*** Opening Records to process ***
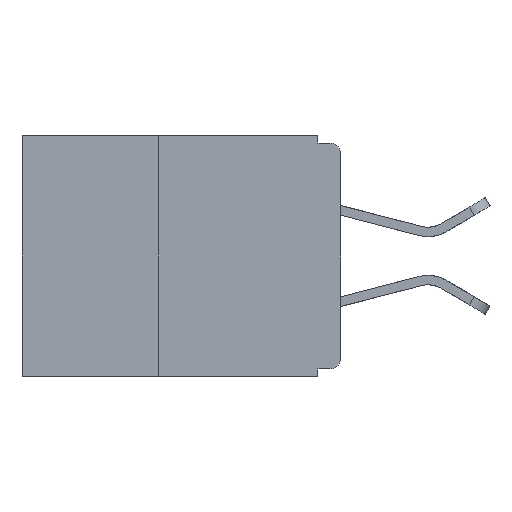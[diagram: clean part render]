
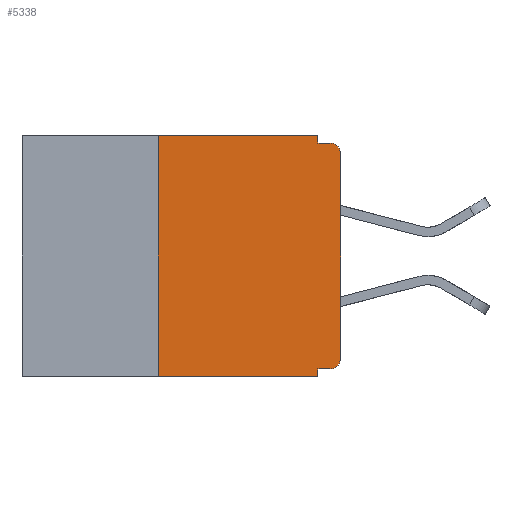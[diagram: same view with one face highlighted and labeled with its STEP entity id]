
A CAD part, left-side view. The second image highlights one B-rep face of the part: STEP entity #5338.
In plain terms, the highlighted planar face has unit normal (-1, 0, 0).
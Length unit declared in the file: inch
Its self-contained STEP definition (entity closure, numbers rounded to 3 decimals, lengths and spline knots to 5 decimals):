
#196 = VERTEX_POINT ( 'NONE', #17558 ) ;
#339 = VECTOR ( 'NONE', #9241, 39.37008 ) ;
#547 = VERTEX_POINT ( 'NONE', #24263 ) ;
#1603 = LINE ( 'NONE', #8749, #11624 ) ;
#1702 = EDGE_CURVE ( 'NONE', #196, #2056, #15099, .T. ) ;
#1730 = CARTESIAN_POINT ( 'NONE',  ( 0., 0.25, 0. ) ) ;
#2012 = CARTESIAN_POINT ( 'NONE',  ( 0., 0.25, -0.33 ) ) ;
#2056 = VERTEX_POINT ( 'NONE', #15801 ) ;
#2233 = LINE ( 'NONE', #6199, #12249 ) ;
#2402 = CIRCLE ( 'NONE', #25564, 0.015 ) ;
#2749 = ORIENTED_EDGE ( 'NONE', *, *, #4209, .T. ) ;
#2896 = CARTESIAN_POINT ( 'NONE',  ( 0., 0., -0.32 ) ) ;
#3173 = VERTEX_POINT ( 'NONE', #2012 ) ;
#3398 = LINE ( 'NONE', #2896, #12779 ) ;
#3401 = CARTESIAN_POINT ( 'NONE',  ( 0., 0.031, -0.32 ) ) ;
#3405 = ORIENTED_EDGE ( 'NONE', *, *, #19158, .F. ) ;
#4090 = EDGE_CURVE ( 'NONE', #4174, #18874, #1603, .T. ) ;
#4174 = VERTEX_POINT ( 'NONE', #6416 ) ;
#4209 = EDGE_CURVE ( 'NONE', #24738, #4174, #14375, .T. ) ;
#4511 = CARTESIAN_POINT ( 'NONE',  ( 0., 0.437, 0. ) ) ;
#4970 = ORIENTED_EDGE ( 'NONE', *, *, #14299, .T. ) ;
#4974 = VERTEX_POINT ( 'NONE', #3401 ) ;
#5245 = DIRECTION ( 'NONE',  ( 0., 0., -1. ) ) ;
#5330 = DIRECTION ( 'NONE',  ( -1., 0., 0. ) ) ;
#5338 = ADVANCED_FACE ( 'NONE', ( #14022 ), #20256, .F. ) ;
#5351 = DIRECTION ( 'NONE',  ( -1., 0., 0. ) ) ;
#5498 = CARTESIAN_POINT ( 'NONE',  ( 0., 0.015, -0.305 ) ) ;
#6107 = CARTESIAN_POINT ( 'NONE',  ( 0., 0.437, -0.33 ) ) ;
#6199 = CARTESIAN_POINT ( 'NONE',  ( 0., 0.031, -0.33 ) ) ;
#6416 = CARTESIAN_POINT ( 'NONE',  ( 0., 0., -0.305 ) ) ;
#6510 = DIRECTION ( 'NONE',  ( 1., 0., 0. ) ) ;
#6630 = AXIS2_PLACEMENT_3D ( 'NONE', #5498, #5330, #5245 ) ;
#7060 = DIRECTION ( 'NONE',  ( 0., 0., -1. ) ) ;
#7570 = LINE ( 'NONE', #6107, #25068 ) ;
#8061 = DIRECTION ( 'NONE',  ( 0., -1., 0. ) ) ;
#8165 = DIRECTION ( 'NONE',  ( 0., 0., 1. ) ) ;
#8234 = DIRECTION ( 'NONE',  ( 0., 0., -1. ) ) ;
#8249 = VECTOR ( 'NONE', #13335, 39.37008 ) ;
#8393 = ORIENTED_EDGE ( 'NONE', *, *, #1702, .F. ) ;
#8413 = ORIENTED_EDGE ( 'NONE', *, *, #14343, .F. ) ;
#8749 = CARTESIAN_POINT ( 'NONE',  ( 0., 0., 0. ) ) ;
#8942 = DIRECTION ( 'NONE',  ( 0., 1., 0. ) ) ;
#9241 = DIRECTION ( 'NONE',  ( 0., 0., 1. ) ) ;
#11624 = VECTOR ( 'NONE', #8165, 39.37008 ) ;
#12249 = VECTOR ( 'NONE', #8234, 39.37008 ) ;
#12487 = ORIENTED_EDGE ( 'NONE', *, *, #13399, .F. ) ;
#12779 = VECTOR ( 'NONE', #8942, 39.37008 ) ;
#12788 = ORIENTED_EDGE ( 'NONE', *, *, #24495, .T. ) ;
#13335 = DIRECTION ( 'NONE',  ( 0., -1., 0. ) ) ;
#13399 = EDGE_CURVE ( 'NONE', #16351, #547, #24535, .T. ) ;
#13924 = EDGE_LOOP ( 'NONE', ( #23977, #12788, #8393, #23773, #12487, #3405, #4970, #8413, #24376, #2749 ) ) ;
#14022 = FACE_OUTER_BOUND ( 'NONE', #13924, .T. ) ;
#14299 = EDGE_CURVE ( 'NONE', #3173, #17134, #7570, .T. ) ;
#14343 = EDGE_CURVE ( 'NONE', #4974, #17134, #2233, .T. ) ;
#14375 = CIRCLE ( 'NONE', #6630, 0.015 ) ;
#15099 = LINE ( 'NONE', #20082, #24827 ) ;
#15801 = CARTESIAN_POINT ( 'NONE',  ( 0., 0.015, -0.01 ) ) ;
#16240 = LINE ( 'NONE', #19032, #339 ) ;
#16351 = VERTEX_POINT ( 'NONE', #1730 ) ;
#16934 = CARTESIAN_POINT ( 'NONE',  ( 0., 0.031, 0. ) ) ;
#17134 = VERTEX_POINT ( 'NONE', #21874 ) ;
#17212 = CARTESIAN_POINT ( 'NONE',  ( 0., 0.015, -0.025 ) ) ;
#17558 = CARTESIAN_POINT ( 'NONE',  ( 0., 0.031, -0.01 ) ) ;
#18874 = VERTEX_POINT ( 'NONE', #19456 ) ;
#19032 = CARTESIAN_POINT ( 'NONE',  ( 0., 0.25, -0.33 ) ) ;
#19158 = EDGE_CURVE ( 'NONE', #3173, #16351, #16240, .T. ) ;
#19178 = DIRECTION ( 'NONE',  ( 0., 0., -1. ) ) ;
#19456 = CARTESIAN_POINT ( 'NONE',  ( 0., 0., -0.025 ) ) ;
#20082 = CARTESIAN_POINT ( 'NONE',  ( 0., 0., -0.01 ) ) ;
#20228 = DIRECTION ( 'NONE',  ( 0., -1., 0. ) ) ;
#20256 = PLANE ( 'NONE',  #21041 ) ;
#20338 = DIRECTION ( 'NONE',  ( 0., 0., -1. ) ) ;
#21041 = AXIS2_PLACEMENT_3D ( 'NONE', #4511, #6510, #20338 ) ;
#21070 = LINE ( 'NONE', #16934, #25570 ) ;
#21547 = EDGE_CURVE ( 'NONE', #24738, #4974, #3398, .T. ) ;
#21700 = CARTESIAN_POINT ( 'NONE',  ( 0., 0.015, -0.32 ) ) ;
#21874 = CARTESIAN_POINT ( 'NONE',  ( 0., 0.031, -0.33 ) ) ;
#23087 = CARTESIAN_POINT ( 'NONE',  ( 0., 0.437, 0. ) ) ;
#23260 = EDGE_CURVE ( 'NONE', #547, #196, #21070, .T. ) ;
#23773 = ORIENTED_EDGE ( 'NONE', *, *, #23260, .F. ) ;
#23977 = ORIENTED_EDGE ( 'NONE', *, *, #4090, .T. ) ;
#24263 = CARTESIAN_POINT ( 'NONE',  ( 0., 0.031, 0. ) ) ;
#24376 = ORIENTED_EDGE ( 'NONE', *, *, #21547, .F. ) ;
#24495 = EDGE_CURVE ( 'NONE', #18874, #2056, #2402, .T. ) ;
#24535 = LINE ( 'NONE', #23087, #8249 ) ;
#24738 = VERTEX_POINT ( 'NONE', #21700 ) ;
#24827 = VECTOR ( 'NONE', #20228, 39.37008 ) ;
#25068 = VECTOR ( 'NONE', #8061, 39.37008 ) ;
#25564 = AXIS2_PLACEMENT_3D ( 'NONE', #17212, #5351, #19178 ) ;
#25570 = VECTOR ( 'NONE', #7060, 39.37008 ) ;
*** Closing Records to process ***
### What the task asks:
Both the line containing "#7060 = DIRECTION" and the line containing "#19178 = DIRECTION" belong in the answer. Print them and every line above that falls between them exactly, and no others.

### Solution:
#7060 = DIRECTION ( 'NONE',  ( 0., 0., -1. ) ) ;
#7570 = LINE ( 'NONE', #6107, #25068 ) ;
#8061 = DIRECTION ( 'NONE',  ( 0., -1., 0. ) ) ;
#8165 = DIRECTION ( 'NONE',  ( 0., 0., 1. ) ) ;
#8234 = DIRECTION ( 'NONE',  ( 0., 0., -1. ) ) ;
#8249 = VECTOR ( 'NONE', #13335, 39.37008 ) ;
#8393 = ORIENTED_EDGE ( 'NONE', *, *, #1702, .F. ) ;
#8413 = ORIENTED_EDGE ( 'NONE', *, *, #14343, .F. ) ;
#8749 = CARTESIAN_POINT ( 'NONE',  ( 0., 0., 0. ) ) ;
#8942 = DIRECTION ( 'NONE',  ( 0., 1., 0. ) ) ;
#9241 = DIRECTION ( 'NONE',  ( 0., 0., 1. ) ) ;
#11624 = VECTOR ( 'NONE', #8165, 39.37008 ) ;
#12249 = VECTOR ( 'NONE', #8234, 39.37008 ) ;
#12487 = ORIENTED_EDGE ( 'NONE', *, *, #13399, .F. ) ;
#12779 = VECTOR ( 'NONE', #8942, 39.37008 ) ;
#12788 = ORIENTED_EDGE ( 'NONE', *, *, #24495, .T. ) ;
#13335 = DIRECTION ( 'NONE',  ( 0., -1., 0. ) ) ;
#13399 = EDGE_CURVE ( 'NONE', #16351, #547, #24535, .T. ) ;
#13924 = EDGE_LOOP ( 'NONE', ( #23977, #12788, #8393, #23773, #12487, #3405, #4970, #8413, #24376, #2749 ) ) ;
#14022 = FACE_OUTER_BOUND ( 'NONE', #13924, .T. ) ;
#14299 = EDGE_CURVE ( 'NONE', #3173, #17134, #7570, .T. ) ;
#14343 = EDGE_CURVE ( 'NONE', #4974, #17134, #2233, .T. ) ;
#14375 = CIRCLE ( 'NONE', #6630, 0.015 ) ;
#15099 = LINE ( 'NONE', #20082, #24827 ) ;
#15801 = CARTESIAN_POINT ( 'NONE',  ( 0., 0.015, -0.01 ) ) ;
#16240 = LINE ( 'NONE', #19032, #339 ) ;
#16351 = VERTEX_POINT ( 'NONE', #1730 ) ;
#16934 = CARTESIAN_POINT ( 'NONE',  ( 0., 0.031, 0. ) ) ;
#17134 = VERTEX_POINT ( 'NONE', #21874 ) ;
#17212 = CARTESIAN_POINT ( 'NONE',  ( 0., 0.015, -0.025 ) ) ;
#17558 = CARTESIAN_POINT ( 'NONE',  ( 0., 0.031, -0.01 ) ) ;
#18874 = VERTEX_POINT ( 'NONE', #19456 ) ;
#19032 = CARTESIAN_POINT ( 'NONE',  ( 0., 0.25, -0.33 ) ) ;
#19158 = EDGE_CURVE ( 'NONE', #3173, #16351, #16240, .T. ) ;
#19178 = DIRECTION ( 'NONE',  ( 0., 0., -1. ) ) ;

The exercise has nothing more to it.